Researchers test Montreal kids to see how many got COVID-19, symptom-free
MONTREAL -- They’re at the centre of many COVID-19 debates, but we’re still missing a lot of information about how the virus affects them.
Kids are the subject of a new study by Montreal researchers, and specifically how many Montreal youngsters really had COVID-19, whether or not they showed it.
But Kate Zinszer, a researcher at the Université de Montreal, is now testing children in four Montreal neighbourhoods to see if they have antibodies for the virus.
"Everybody is talking about the coronavirus, but we still don't know how many children have gotten it,” researchers explain in a video made for the young participants, to help them understand the study.
Antibodies, they say, “are like brave knights ready to fight the bad virus.”
In the first few months of the virus, early research turned into a tentative common wisdom that young children don’t tend to pass along COVID-19.
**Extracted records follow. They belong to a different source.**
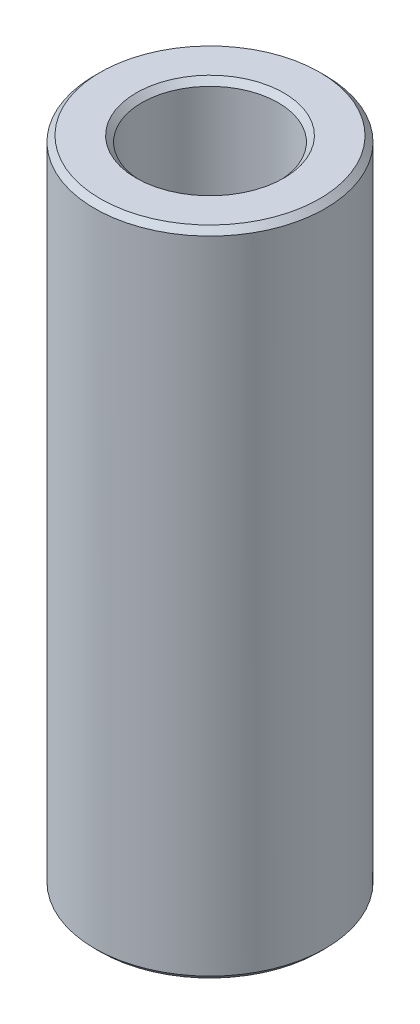
ISO-10303-21;
HEADER;
FILE_DESCRIPTION(('STEP AP214'),'2;1');
FILE_NAME('part.step','',(''),(''),'','','');
FILE_SCHEMA(('AUTOMOTIVE_DESIGN { 1 0 10303 214 1 1 1 1 }'));
ENDSEC;
DATA;
#1=APPLICATION_CONTEXT('core data for automotive mechanical design processes');
#2=APPLICATION_PROTOCOL_DEFINITION('international standard','automotive_design',2000,#1);
#3=PRODUCT_CONTEXT('',#1,'mechanical');
#4=PRODUCT('Part','Part','',(#3));
#5=PRODUCT_RELATED_PRODUCT_CATEGORY('part','',(#4));
#6=PRODUCT_DEFINITION_FORMATION('','',#4);
#7=PRODUCT_DEFINITION_CONTEXT('part definition',#1,'design');
#8=PRODUCT_DEFINITION('design','',#6,#7);
#9=PRODUCT_DEFINITION_SHAPE('','',#8);
#10=(LENGTH_UNIT() NAMED_UNIT(*) SI_UNIT(.MILLI.,.METRE.));
#11=(NAMED_UNIT(*) PLANE_ANGLE_UNIT() SI_UNIT($,.RADIAN.));
#12=(NAMED_UNIT(*) SI_UNIT($,.STERADIAN.) SOLID_ANGLE_UNIT());
#13=UNCERTAINTY_MEASURE_WITH_UNIT(LENGTH_MEASURE(1.E-05),#10,'distance_accuracy_value','');
#14=(GEOMETRIC_REPRESENTATION_CONTEXT(3) GLOBAL_UNCERTAINTY_ASSIGNED_CONTEXT((#13)) GLOBAL_UNIT_ASSIGNED_CONTEXT((#10,
#11,#12)) REPRESENTATION_CONTEXT('',''));
#15=CARTESIAN_POINT('',(0.,0.,0.));
#16=DIRECTION('',(0.,0.,1.));
#17=DIRECTION('',(1.,0.,0.));
#18=AXIS2_PLACEMENT_3D('',#15,#16,#17);
#19=CARTESIAN_POINT('',(0.,212.130577538564,0.));
#20=DIRECTION('',(0.,-1.,0.));
#21=DIRECTION('',(0.,0.,-1.));
#22=AXIS2_PLACEMENT_3D('',#19,#20,#21);
#23=CYLINDRICAL_SURFACE('',#22,37.5);
#24=CARTESIAN_POINT('',(0.,1.83633104393724,0.));
#25=DIRECTION('',(0.,1.,0.));
#26=DIRECTION('',(0.,0.,1.));
#27=AXIS2_PLACEMENT_3D('',#24,#25,#26);
#28=CIRCLE('',#27,37.5);
#29=CARTESIAN_POINT('',(0.,1.83633104393724,-37.5));
#30=VERTEX_POINT('',#29);
#31=EDGE_CURVE('E10',#30,#30,#28,.T.);
#32=CARTESIAN_POINT('',(0.,210.294246494627,0.));
#33=DIRECTION('',(0.,1.,0.));
#34=DIRECTION('',(0.,0.,1.));
#35=AXIS2_PLACEMENT_3D('',#32,#33,#34);
#36=CIRCLE('',#35,37.5);
#37=CARTESIAN_POINT('',(0.,210.294246494627,-37.5));
#38=VERTEX_POINT('',#37);
#39=EDGE_CURVE('E50',#38,#38,#36,.F.);
#40=CARTESIAN_POINT('',(0.,1.83633104393724,-37.5));
#41=CARTESIAN_POINT('',(0.,4.00776766321526,-37.5));
#42=CARTESIAN_POINT('',(0.,6.17920428249329,-37.5));
#43=CARTESIAN_POINT('',(0.,10.5220775210493,-37.5));
#44=CARTESIAN_POINT('',(0.,12.6935141403274,-37.5));
#45=CARTESIAN_POINT('',(0.,17.0363873788834,-37.5));
#46=CARTESIAN_POINT('',(0.,19.2078239981614,-37.5));
#47=CARTESIAN_POINT('',(0.,23.5506972367175,-37.5));
#48=CARTESIAN_POINT('',(0.,25.7221338559955,-37.5));
#49=CARTESIAN_POINT('',(0.,30.0650070945515,-37.5));
#50=CARTESIAN_POINT('',(0.,32.2364437138295,-37.5));
#51=CARTESIAN_POINT('',(0.,36.5793169523856,-37.5));
#52=CARTESIAN_POINT('',(0.,38.7507535716636,-37.5));
#53=CARTESIAN_POINT('',(0.,43.0936268102197,-37.5));
#54=CARTESIAN_POINT('',(0.,45.2650634294977,-37.5));
#55=CARTESIAN_POINT('',(0.,49.6079366680537,-37.5));
#56=CARTESIAN_POINT('',(0.,51.7793732873318,-37.5));
#57=CARTESIAN_POINT('',(0.,56.1222465258878,-37.5));
#58=CARTESIAN_POINT('',(0.,58.2936831451658,-37.5));
#59=CARTESIAN_POINT('',(0.,62.6365563837219,-37.5));
#60=CARTESIAN_POINT('',(0.,64.8079930029999,-37.5));
#61=CARTESIAN_POINT('',(0.,69.1508662415559,-37.5));
#62=CARTESIAN_POINT('',(0.,71.3223028608339,-37.5));
#63=CARTESIAN_POINT('',(0.,75.66517609939,-37.5));
#64=CARTESIAN_POINT('',(0.,77.836612718668,-37.5));
#65=CARTESIAN_POINT('',(0.,82.179485957224,-37.5));
#66=CARTESIAN_POINT('',(0.,84.3509225765021,-37.5));
#67=CARTESIAN_POINT('',(0.,88.6937958150581,-37.5));
#68=CARTESIAN_POINT('',(0.,90.8652324343361,-37.5));
#69=CARTESIAN_POINT('',(0.,95.2081056728922,-37.5));
#70=CARTESIAN_POINT('',(0.,97.3795422921702,-37.5));
#71=CARTESIAN_POINT('',(0.,101.722415530726,-37.5));
#72=CARTESIAN_POINT('',(0.,103.893852150004,-37.5));
#73=CARTESIAN_POINT('',(0.,108.23672538856,-37.5));
#74=CARTESIAN_POINT('',(0.,110.408162007838,-37.5));
#75=CARTESIAN_POINT('',(0.,114.751035246394,-37.5));
#76=CARTESIAN_POINT('',(0.,116.922471865672,-37.5));
#77=CARTESIAN_POINT('',(0.,121.265345104228,-37.5));
#78=CARTESIAN_POINT('',(0.,123.436781723506,-37.5));
#79=CARTESIAN_POINT('',(0.,127.779654962063,-37.5));
#80=CARTESIAN_POINT('',(0.,129.951091581341,-37.5));
#81=CARTESIAN_POINT('',(0.,134.293964819897,-37.5));
#82=CARTESIAN_POINT('',(0.,136.465401439175,-37.5));
#83=CARTESIAN_POINT('',(0.,140.808274677731,-37.5));
#84=CARTESIAN_POINT('',(0.,142.979711297009,-37.5));
#85=CARTESIAN_POINT('',(0.,147.322584535565,-37.5));
#86=CARTESIAN_POINT('',(0.,149.494021154843,-37.5));
#87=CARTESIAN_POINT('',(0.,153.836894393399,-37.5));
#88=CARTESIAN_POINT('',(0.,156.008331012677,-37.5));
#89=CARTESIAN_POINT('',(0.,160.351204251233,-37.5));
#90=CARTESIAN_POINT('',(0.,162.522640870511,-37.5));
#91=CARTESIAN_POINT('',(0.,166.865514109067,-37.5));
#92=CARTESIAN_POINT('',(0.,169.036950728345,-37.5));
#93=CARTESIAN_POINT('',(0.,173.379823966901,-37.5));
#94=CARTESIAN_POINT('',(0.,175.551260586179,-37.5));
#95=CARTESIAN_POINT('',(0.,179.894133824735,-37.5));
#96=CARTESIAN_POINT('',(0.,182.065570444013,-37.5));
#97=CARTESIAN_POINT('',(0.,186.408443682569,-37.5));
#98=CARTESIAN_POINT('',(0.,188.579880301847,-37.5));
#99=CARTESIAN_POINT('',(0.,192.922753540403,-37.5));
#100=CARTESIAN_POINT('',(0.,195.094190159681,-37.5));
#101=CARTESIAN_POINT('',(0.,199.437063398237,-37.5));
#102=CARTESIAN_POINT('',(0.,201.608500017515,-37.5));
#103=CARTESIAN_POINT('',(0.,205.951373256071,-37.5));
#104=CARTESIAN_POINT('',(0.,208.122809875349,-37.5));
#105=CARTESIAN_POINT('',(0.,210.294246494627,-37.5));
#106=B_SPLINE_CURVE_WITH_KNOTS('',3,(#40,#41,#42,#43,#44,#45,#46,#47,#48,#49,#50,#51,#52,#53,
#54,#55,#56,#57,#58,#59,#60,#61,#62,#63,#64,#65,#66,#67,#68,#69,#70,#71,#72,#73,#74,#75,#76,#77,
#78,#79,#80,#81,#82,#83,#84,#85,#86,#87,#88,#89,#90,#91,#92,#93,#94,#95,#96,#97,#98,#99,#100,
#101,#102,#103,#104,#105),.UNSPECIFIED.,.F.,.F.,(4,2,2,2,2,2,2,2,2,2,2,2,2,2,2,2,2,2,2,2,2,2,2,
2,2,2,2,2,2,2,2,2,4),(0.,6.51430985783408,13.0286197156681,19.5429295735022,26.0572394313363,
32.5715492891703,39.0858591470044,45.6001690048385,52.1144788626725,58.6287887205066,
65.1430985783407,71.6574084361747,78.1717182940088,84.6860281518428,91.2003380096769,
97.714647867511,104.228957725345,110.743267583179,117.257577441013,123.771887298847,
130.286197156681,136.800507014515,143.314816872349,149.829126730184,156.343436588018,
162.857746445852,169.372056303686,175.88636616152,182.400676019354,188.914985877188,
195.429295735022,201.943605592856,208.45791545069),.UNSPECIFIED.);
#107=EDGE_CURVE('BSEAM39',#30,#38,#106,.T.);
#108=ORIENTED_EDGE('',*,*,#31,.T.);
#109=ORIENTED_EDGE('',*,*,#39,.T.);
#110=ORIENTED_EDGE('',*,*,#107,.T.);
#111=ORIENTED_EDGE('',*,*,#107,.F.);
#112=EDGE_LOOP('',(#108,#110,#109,#111));
#113=FACE_BOUND('',#112,.T.);
#114=ADVANCED_FACE('F39',(#113),#23,.T.);
#115=CARTESIAN_POINT('',(0.,212.130577538564,0.));
#116=DIRECTION('',(0.,1.,0.));
#117=DIRECTION('',(0.,0.,1.));
#118=AXIS2_PLACEMENT_3D('',#115,#116,#117);
#119=PLANE('',#118);
#120=CARTESIAN_POINT('',(0.,212.130577538564,0.));
#121=DIRECTION('',(0.,1.,0.));
#122=DIRECTION('',(0.,0.,1.));
#123=AXIS2_PLACEMENT_3D('',#120,#121,#122);
#124=CIRCLE('',#123,24.0228399009292);
#125=CARTESIAN_POINT('',(0.,212.130577538564,24.0228399009292));
#126=VERTEX_POINT('',#125);
#127=EDGE_CURVE('E58',#126,#126,#124,.F.);
#128=ORIENTED_EDGE('',*,*,#127,.T.);
#129=EDGE_LOOP('',(#128));
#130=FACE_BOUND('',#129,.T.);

Now, testing for antibodies is key when it comes to kids, Zinszer believes, to see if it's true that many children were infected without showing symptoms.
“We think a large portion of children are asymptomatic [and] won't be tested, so this will give us a more accurate representation of, you know, the number of children that were actually infected with COVID,” she explained.
Her own son, six-year-old Charlie, is one of the study’s first participants. In the video, he demonstrates giving a blood sample.
The kids in the study will be tested once in the fall and once again at the end of the school year.
“This will provide a better idea of the extent of transmission in children, which will be extremely important for decision-making,” Zinszer said.
Quebec’s Public Health Director, Dr. Horacio Arruda, says any data like this will help the province decide its next steps and what will really be best for children.
“What are the impacts,” he asked, of closing kids’ activities? “We do protect the kids from the disease, but at the same time we do create more problems long-term.”
Zinszer’s study will also look at that question: the mental-health impact of COVID-related restrictions on children and teens. It will do this through a questionnaire filled out by parents.
“We don't have a play-by-play book right now in order to deal with all the different aspects of the pandemic, but we're hoping our study will provide a crucial piece of information with regard to children, schools and daycares,” she said.
The study is funded by the COVID-19 Immunity Task Force, which was launched by the federal government in April.
The task force’s head also says one variable the study will include is race, which is good news to many community leaders who have been asking for race-based data since the start of the pandemic.